> TASK REQUIREMENTS: Copy each line of the records that contains the word "bdroot".

> Extracted data entries:
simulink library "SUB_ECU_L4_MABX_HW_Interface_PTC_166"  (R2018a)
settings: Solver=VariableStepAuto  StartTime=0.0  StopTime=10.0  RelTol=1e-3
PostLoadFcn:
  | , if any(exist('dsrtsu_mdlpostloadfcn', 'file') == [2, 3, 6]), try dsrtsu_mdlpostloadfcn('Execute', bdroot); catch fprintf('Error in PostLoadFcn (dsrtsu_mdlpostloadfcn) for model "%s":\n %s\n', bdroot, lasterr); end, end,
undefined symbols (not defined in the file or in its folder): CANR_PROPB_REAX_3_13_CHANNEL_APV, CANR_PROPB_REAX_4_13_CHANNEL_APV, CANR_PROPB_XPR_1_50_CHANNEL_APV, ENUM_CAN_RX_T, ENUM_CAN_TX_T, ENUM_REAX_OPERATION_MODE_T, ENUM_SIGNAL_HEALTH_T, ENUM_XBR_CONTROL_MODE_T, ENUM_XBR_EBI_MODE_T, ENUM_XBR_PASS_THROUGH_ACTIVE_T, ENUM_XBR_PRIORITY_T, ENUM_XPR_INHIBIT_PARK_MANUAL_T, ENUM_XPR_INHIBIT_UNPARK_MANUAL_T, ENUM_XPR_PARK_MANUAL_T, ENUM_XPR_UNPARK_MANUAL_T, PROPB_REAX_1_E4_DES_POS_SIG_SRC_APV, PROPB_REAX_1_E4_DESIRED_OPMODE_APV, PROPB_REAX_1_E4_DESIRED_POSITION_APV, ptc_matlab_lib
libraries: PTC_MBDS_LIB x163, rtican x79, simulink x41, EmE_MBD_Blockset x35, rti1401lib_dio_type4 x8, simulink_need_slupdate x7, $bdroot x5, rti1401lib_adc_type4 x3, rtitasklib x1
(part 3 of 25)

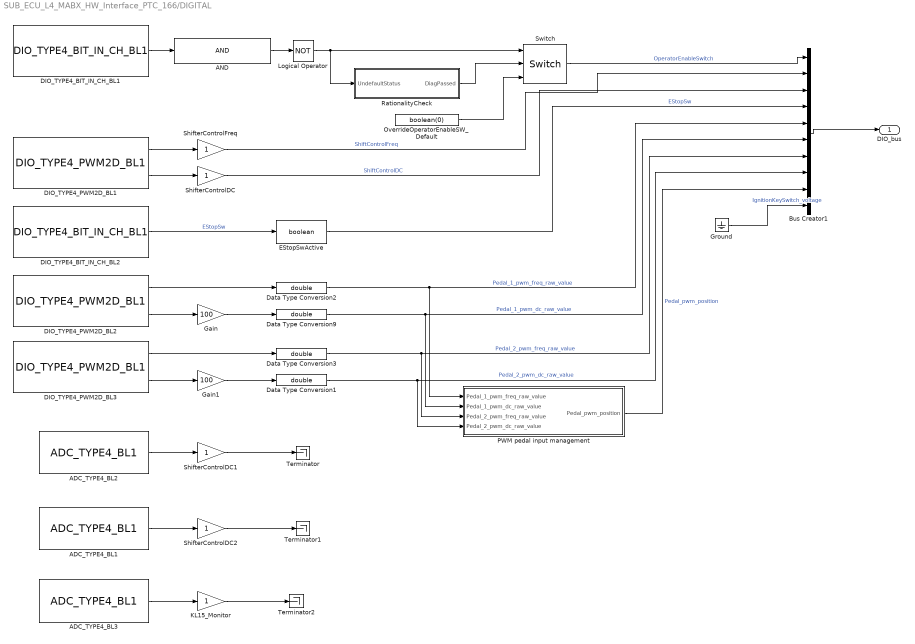
== system SUB_ECU_L4_MABX_HW_Interface_PTC_166/DIGITAL ==
  ADC_TYPE4_BL1 : rti1401lib_adc_type4/ADC_TYPE4_BL1  DSProperties=struct('RTI',struct('Version',uint32(2),'BlockType',struct('isSLSource',uint8(1),'isSLSink',uint8(1),'isHWSource',uint8(0),'isHWSink',uint8(1),'isSetup',uint8(0),'isInline',uint8(1),'isNonInline',uint8(0),'isInterrupt',uint8(0),'isChannelwise',uint8(1)),'IOBoardType',{{'DS1401','STD','ADCT4'}},'UnitType','ADC','Identifier','ADC','DialogType','ML','BlockSet','NONE','SlaveProcessor','NONE'))  RTIBlockInterface=struct('InputPortsActive',0,'InputPortsWidth',int32(1),'InputPortsDataType',{{'SS_BOOLEAN'}},'InputPortsName',{{'Continue'}},'OutputPortsActive',[1 0],'OutputPortsWidth',int32([1 1]),'OutputPortsDataType',{{'SS_DOUBLE','SS_UINT8'}},'OutputPortsName',{{'ADC','Status'}},'DialogFcn','rti1401stdadct4adcgui','SampleTime',{{-1}},'InitLevel',3,'IconTransparency','on','BlockDisplay',{{['ADC TP4\nModule: 1\nChannel: 2'],'center'}},'BlockName',struct('Token',{{'ADC_TYPE4_BL1'}}))  RTIBlockParameters=struct('ADCSWStartDisable',{{0,'OFF',[0 1]}},'ModuleNo',{{1,'OFF',[1 16]}},'ChannelNo',{{2,'OFF',[1 16]}},'ConversionMode',{{1,'OFF',[1 2]}},'SampleMode',{{1,'OFF',[1 2]}},'TriggerSource',{{1,'OFF',[1 5]}},'EdgePolarity',{{1,'OFF',[1 2]}},'ConversionTriggerSource',{{2,'OFF',[1 6]}},'ConversionEdgePolarity',{{1,'OFF',[1 2]}},'ConversionPeriod',{{'1e-06','OFF',[]}},'ConversionPeriodCheck',{{0,'OFF',[]}},'BurstTriggerSource',{{1,'OFF',[1 6]}},'BurstEdgePolarity',{{1,'OFF',[1 2]}},'BurstSize',{{'10','OFF',[]}},'BurstSizeCheck',{{0,'OFF',[]}},'DataSetOffset',{{'0','OFF',[]}},'DataSetOffsetCheck',{{0,'OFF',[]}},'DataSetLength',{{'1','OFF',[]}},'DataSetLengthCheck',{{0,'OFF',[]}},'ReadMode',{{1,'OFF',[1 2]}},'SampleTime',{{'-1','OFF',[-1 inf]}},'SampleTimeCheck',{{1,'OFF',[]}},'StatusPortEnable',{{0,'OFF',[0 1]}},'VoltageRange',{{2,'OFF',[1 2]}},'TLCFileName',{{'rti1401adc_t4_adc','OFF',[]}})  RTISFcnParameters=struct('ADCSWStartDisable','int32','ModuleNo','int32','ChannelNo','int16','ConversionMode','int16','SampleMode','int16','TriggerSource','int16','EdgePolarity','int16','ConversionTriggerSource','int16','ConversionEdgePolarity','int16','ConversionPeriod','double','BurstTriggerSource','int16','BurstEdgePolarity','int16','BurstSize','int16','DataSetOffset','int16','DataSetLength','int16','ReadMode','int16','SampleTime','double','StatusPortEnable','int16','VoltageRange','int16','TLCFileName','char')  RTIBlockParaDefault=struct('ADCSWStartDisable',0,'ModuleNo',1,'ChannelNo',1,'ConversionMode',1,'SampleMode',1,'TriggerSource',1,'EdgePolarity',1,'ConversionTriggerSource',2,'ConversionEdgePolarity',1,'ConversionPeriod',1e-6,'ConversionPeriodCheck',0,'BurstTriggerSource',1,'BurstEdgePolarity',1,'BurstSize',10,'BurstSizeCheck',0,'DataSetOffset',0,'DataSetOffsetCheck',0,'DataSetLength',1,'DataSetLengthCheck',0,'ReadMode',1,'SampleTime',-1,'SampleTimeCheck',1,'StatusPortEnable',0,'VoltageRange',1,'TLCFileName','rti1401adc_t4_adc')
  ADC_TYPE4_BL2 : rti1401lib_adc_type4/ADC_TYPE4_BL1  DSProperties=struct('RTI',struct('Version',uint32(2),'BlockType',struct('isSLSource',uint8(1),'isSLSink',uint8(1),'isHWSource',uint8(0),'isHWSink',uint8(1),'isSetup',uint8(0),'isInline',uint8(1),'isNonInline',uint8(0),'isInterrupt',uint8(0),'isChannelwise',uint8(1)),'IOBoardType',{{'DS1401','STD','ADCT4'}},'UnitType','ADC','Identifier','ADC','DialogType','ML','BlockSet','NONE','SlaveProcessor','NONE'))  RTIBlockInterface=struct('InputPortsActive',0,'InputPortsWidth',int32(1),'InputPortsDataType',{{'SS_BOOLEAN'}},'InputPortsName',{{'Continue'}},'OutputPortsActive',[1 0],'OutputPortsWidth',int32([1 1]),'OutputPortsDataType',{{'SS_DOUBLE','SS_UINT8'}},'OutputPortsName',{{'ADC','Status'}},'DialogFcn','rti1401stdadct4adcgui','SampleTime',{{-1}},'InitLevel',3,'IconTransparency','on','BlockDisplay',{{['ADC TP4\nModule: 1\nChannel: 1'],'center'}},'BlockName',struct('Token',{{'ADC_TYPE4_BL1'}}))  RTIBlockParameters=struct('ADCSWStartDisable',{{0,'OFF',[0 1]}},'ModuleNo',{{1,'OFF',[1 16]}},'ChannelNo',{{1,'OFF',[1 16]}},'ConversionMode',{{1,'OFF',[1 2]}},'SampleMode',{{1,'OFF',[1 2]}},'TriggerSource',{{1,'OFF',[1 5]}},'EdgePolarity',{{1,'OFF',[1 2]}},'ConversionTriggerSource',{{2,'OFF',[1 6]}},'ConversionEdgePolarity',{{1,'OFF',[1 2]}},'ConversionPeriod',{{'1e-06','OFF',[]}},'ConversionPeriodCheck',{{0,'OFF',[]}},'BurstTriggerSource',{{1,'OFF',[1 6]}},'BurstEdgePolarity',{{1,'OFF',[1 2]}},'BurstSize',{{'10','OFF',[]}},'BurstSizeCheck',{{0,'OFF',[]}},'DataSetOffset',{{'0','OFF',[]}},'DataSetOffsetCheck',{{0,'OFF',[]}},'DataSetLength',{{'1','OFF',[]}},'DataSetLengthCheck',{{0,'OFF',[]}},'ReadMode',{{1,'OFF',[1 2]}},'SampleTime',{{'-1','OFF',[-1 inf]}},'SampleTimeCheck',{{1,'OFF',[]}},'StatusPortEnable',{{0,'OFF',[0 1]}},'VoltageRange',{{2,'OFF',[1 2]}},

> RESPONSE TO THE EXERCISE:
  | , if any(exist('dsrtsu_mdlpostloadfcn', 'file') == [2, 3, 6]), try dsrtsu_mdlpostloadfcn('Execute', bdroot); catch fprintf('Error in PostLoadFcn (dsrtsu_mdlpostloadfcn) for model "%s":\n %s\n', bdroot, lasterr); end, end,
libraries: PTC_MBDS_LIB x163, rtican x79, simulink x41, EmE_MBD_Blockset x35, rti1401lib_dio_type4 x8, simulink_need_slupdate x7, $bdroot x5, rti1401lib_adc_type4 x3, rtitasklib x1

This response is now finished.